> _WORK TASK_
Return an exact copy of the data, starting at its first line and ending at the line that contains "#4=PRODUCT('Part','Part','',(#3));", minus any pictures.

> _PROVIDED DATA_
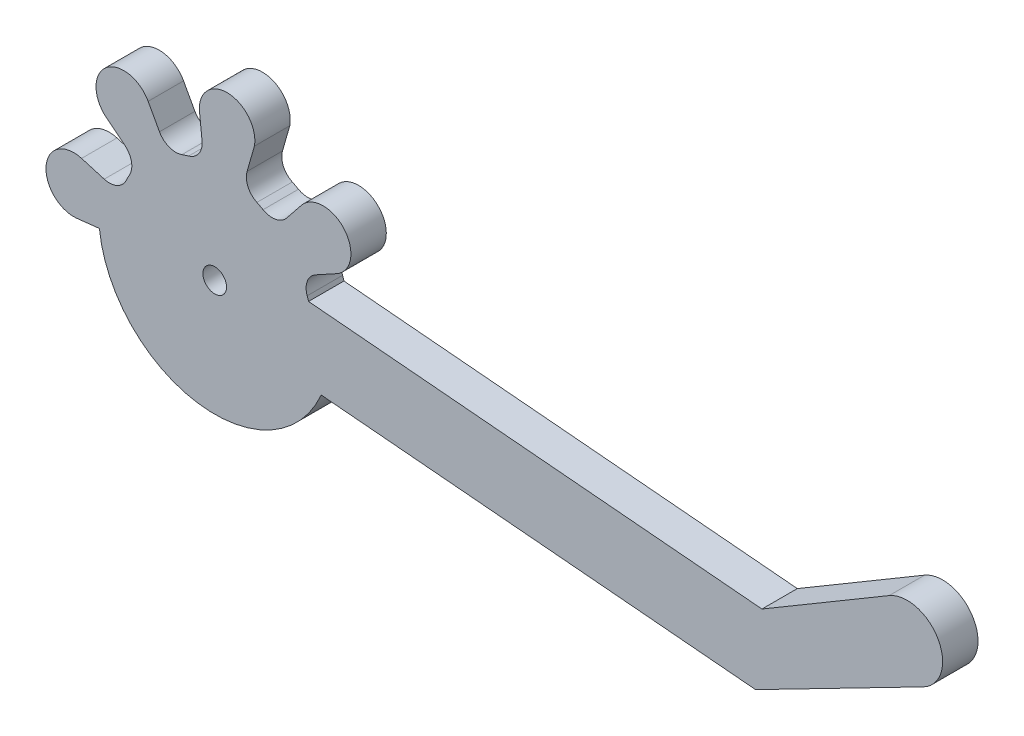
ISO-10303-21;
HEADER;
FILE_DESCRIPTION(('STEP AP214'),'2;1');
FILE_NAME('part.step','',(''),(''),'','','');
FILE_SCHEMA(('AUTOMOTIVE_DESIGN { 1 0 10303 214 1 1 1 1 }'));
ENDSEC;
DATA;
#1=APPLICATION_CONTEXT('core data for automotive mechanical design processes');
#2=APPLICATION_PROTOCOL_DEFINITION('international standard','automotive_design',2000,#1);
#3=PRODUCT_CONTEXT('',#1,'mechanical');
#4=PRODUCT('Part','Part','',(#3));
#5=PRODUCT_RELATED_PRODUCT_CATEGORY('part','',(#4));
#6=PRODUCT_DEFINITION_FORMATION('','',#4);
#7=PRODUCT_DEFINITION_CONTEXT('part definition',#1,'design');
#8=PRODUCT_DEFINITION('design','',#6,#7);
#9=PRODUCT_DEFINITION_SHAPE('','',#8);
#10=(LENGTH_UNIT() NAMED_UNIT(*) SI_UNIT(.MILLI.,.METRE.));
#11=(NAMED_UNIT(*) PLANE_ANGLE_UNIT() SI_UNIT($,.RADIAN.));
#12=(NAMED_UNIT(*) SI_UNIT($,.STERADIAN.) SOLID_ANGLE_UNIT());
#13=UNCERTAINTY_MEASURE_WITH_UNIT(LENGTH_MEASURE(1.E-05),#10,'distance_accuracy_value','');
#14=(GEOMETRIC_REPRESENTATION_CONTEXT(3) GLOBAL_UNCERTAINTY_ASSIGNED_CONTEXT((#13)) GLOBAL_UNIT_ASSIGNED_CONTEXT((#10,
#11,#12)) REPRESENTATION_CONTEXT('',''));
#15=CARTESIAN_POINT('',(0.,0.,0.));
#16=DIRECTION('',(0.,0.,1.));
#17=DIRECTION('',(1.,0.,0.));
#18=AXIS2_PLACEMENT_3D('',#15,#16,#17);
#19=CARTESIAN_POINT('',(2.20552189568856,24.9695299031335,3.));
#20=DIRECTION('',(0.,0.,1.));
#21=DIRECTION('',(1.,0.,0.));
#22=AXIS2_PLACEMENT_3D('',#19,#20,#21);
#23=PLANE('',#22);
#24=CARTESIAN_POINT('',(2.20552189568856,24.9695299031335,3.));
#25=DIRECTION('',(0.,0.,1.));
#26=DIRECTION('',(1.,0.,0.));
#27=AXIS2_PLACEMENT_3D('',#24,#25,#26);
#28=CIRCLE('',#27,2.35395199285645);
#29=CARTESIAN_POINT('',(4.27074653256969,26.0991037979682,3.));
#30=VERTEX_POINT('',#29);
#31=CARTESIAN_POINT('',(0.734486271788519,23.1318291173999,3.));
#32=VERTEX_POINT('',#31);
#33=EDGE_CURVE('E155',#30,#32,#28,.T.);
#34=ORIENTED_EDGE('',*,*,#33,.T.);
#35=DIRECTION('',(0.780687452995079,-0.624921675681086,0.));
#36=VECTOR('',#35,1.);
#37=CARTESIAN_POINT('',(2.2964918745804,21.881480908299,3.));
#38=LINE('',#37,#36);
#39=CARTESIAN_POINT('',(2.2964918745804,21.881480908299,3.));
#40=VERTEX_POINT('',#39);
#41=EDGE_CURVE('E468',#32,#40,#38,.T.);
#42=ORIENTED_EDGE('',*,*,#41,.T.);
#43=CARTESIAN_POINT('',(1.31580145927092,20.6563470519233,3.));
#44=DIRECTION('',(0.,0.,-1.));
#45=DIRECTION('',(1.,0.,0.));
#46=AXIS2_PLACEMENT_3D('',#43,#44,#45);
#47=CIRCLE('',#46,1.56930132757158);
#48=CARTESIAN_POINT('',(2.68115330109699,19.8827056575066,3.));
#49=VERTEX_POINT('',#48);
#50=EDGE_CURVE('E393',#40,#49,#47,.T.);
#51=ORIENTED_EDGE('',*,*,#50,.T.);
#52=CARTESIAN_POINT('',(9.91163847667758,15.7857377794938,3.));
#53=DIRECTION('',(0.,0.,1.));
#54=DIRECTION('',(1.,0.,0.));
#55=AXIS2_PLACEMENT_3D('',#52,#53,#54);
#56=CIRCLE('',#55,8.31053919236048);
#57=CARTESIAN_POINT('',(2.40836294622478,19.3586802600103,3.));
#58=VERTEX_POINT('',#57);
#59=EDGE_CURVE('E412',#49,#58,#56,.T.);
#60=ORIENTED_EDGE('',*,*,#59,.T.);
#61=CARTESIAN_POINT('',(0.991499373512298,20.0333685378642,3.));
#62=DIRECTION('',(0.,0.,-1.));
#63=DIRECTION('',(1.,0.,0.));
#64=AXIS2_PLACEMENT_3D('',#61,#62,#63);
#65=CIRCLE('',#64,1.56930132732789);
#66=CARTESIAN_POINT('',(0.550429384278587,18.5273260681608,3.));
#67=VERTEX_POINT('',#66);
#68=EDGE_CURVE('E409',#58,#67,#65,.T.);
#69=ORIENTED_EDGE('',*,*,#68,.T.);
#70=DIRECTION('',(-0.959689795584554,0.281061374526768,0.));
#71=VECTOR('',#70,1.);
#72=CARTESIAN_POINT('',(-1.36972551868818,19.0896758803763,3.));
#73=LINE('',#72,#71);
#74=CARTESIAN_POINT('',(-1.36972551868818,19.0896758803763,3.));
#75=VERTEX_POINT('',#74);
#76=EDGE_CURVE('E411',#67,#75,#73,.T.);
#77=ORIENTED_EDGE('',*,*,#76,.T.);
#78=CARTESIAN_POINT('',(-2.03133050323162,16.8306121740802,3.));
#79=DIRECTION('',(0.,0.,1.));
#80=DIRECTION('',(1.,0.,0.));
#81=AXIS2_PLACEMENT_3D('',#78,#79,#80);
#82=CIRCLE('',#81,2.35395199285732);
#83=CARTESIAN_POINT('',(-1.77205908085418,14.490982221664,3.));
#84=VERTEX_POINT('',#83);
#85=EDGE_CURVE('E414',#75,#84,#82,.T.);
#86=ORIENTED_EDGE('',*,*,#85,.T.);
#87=DIRECTION('',(0.993915746537626,0.110143037839678,0.));
#88=VECTOR('',#87,1.);
#89=CARTESIAN_POINT('',(0.138961898257982,14.7027563652451,3.));
#90=LINE('',#89,#88);
#91=CARTESIAN_POINT('',(0.138961898257964,14.7027563652451,3.));
#92=VERTEX_POINT('',#91);
#93=EDGE_CURVE('E420',#84,#92,#90,.T.);
#94=ORIENTED_EDGE('',*,*,#93,.T.);
#95=CARTESIAN_POINT('',(9.91163847667758,15.7857377794938,3.));
#96=DIRECTION('',(0.,0.,1.));
#97=DIRECTION('',(1.,0.,0.));
#98=AXIS2_PLACEMENT_3D('',#95,#96,#97);
#99=CIRCLE('',#98,9.83249999999997);
#100=CARTESIAN_POINT('',(18.9348827743616,11.8794455996494,3.));
#101=VERTEX_POINT('',#100);
#102=EDGE_CURVE('E422',#92,#101,#99,.T.);
#103=ORIENTED_EDGE('',*,*,#102,.T.);
#104=DIRECTION('',(0.996194698091745,-0.0871557427476604,0.));
#105=VECTOR('',#104,1.);
#106=CARTESIAN_POINT('',(55.7361887621411,8.65974852276994,3.));
#107=LINE('',#106,#105);
#108=CARTESIAN_POINT('',(55.7361887621411,8.65974852276994,3.));
#109=VERTEX_POINT('',#108);
#110=EDGE_CURVE('E424',#101,#109,#107,.T.);
#111=ORIENTED_EDGE('',*,*,#110,.T.);
#112=DIRECTION('',(0.889291076636205,0.457341645835167,0.));
#113=VECTOR('',#112,1.);
#114=CARTESIAN_POINT('',(55.7361887621411,8.65974852276994,3.));
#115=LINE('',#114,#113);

> _WRITTEN RESPONSE_
ISO-10303-21;
HEADER;
FILE_DESCRIPTION(('STEP AP214'),'2;1');
FILE_NAME('part.step','',(''),(''),'','','');
FILE_SCHEMA(('AUTOMOTIVE_DESIGN { 1 0 10303 214 1 1 1 1 }'));
ENDSEC;
DATA;
#1=APPLICATION_CONTEXT('core data for automotive mechanical design processes');
#2=APPLICATION_PROTOCOL_DEFINITION('international standard','automotive_design',2000,#1);
#3=PRODUCT_CONTEXT('',#1,'mechanical');
#4=PRODUCT('Part','Part','',(#3));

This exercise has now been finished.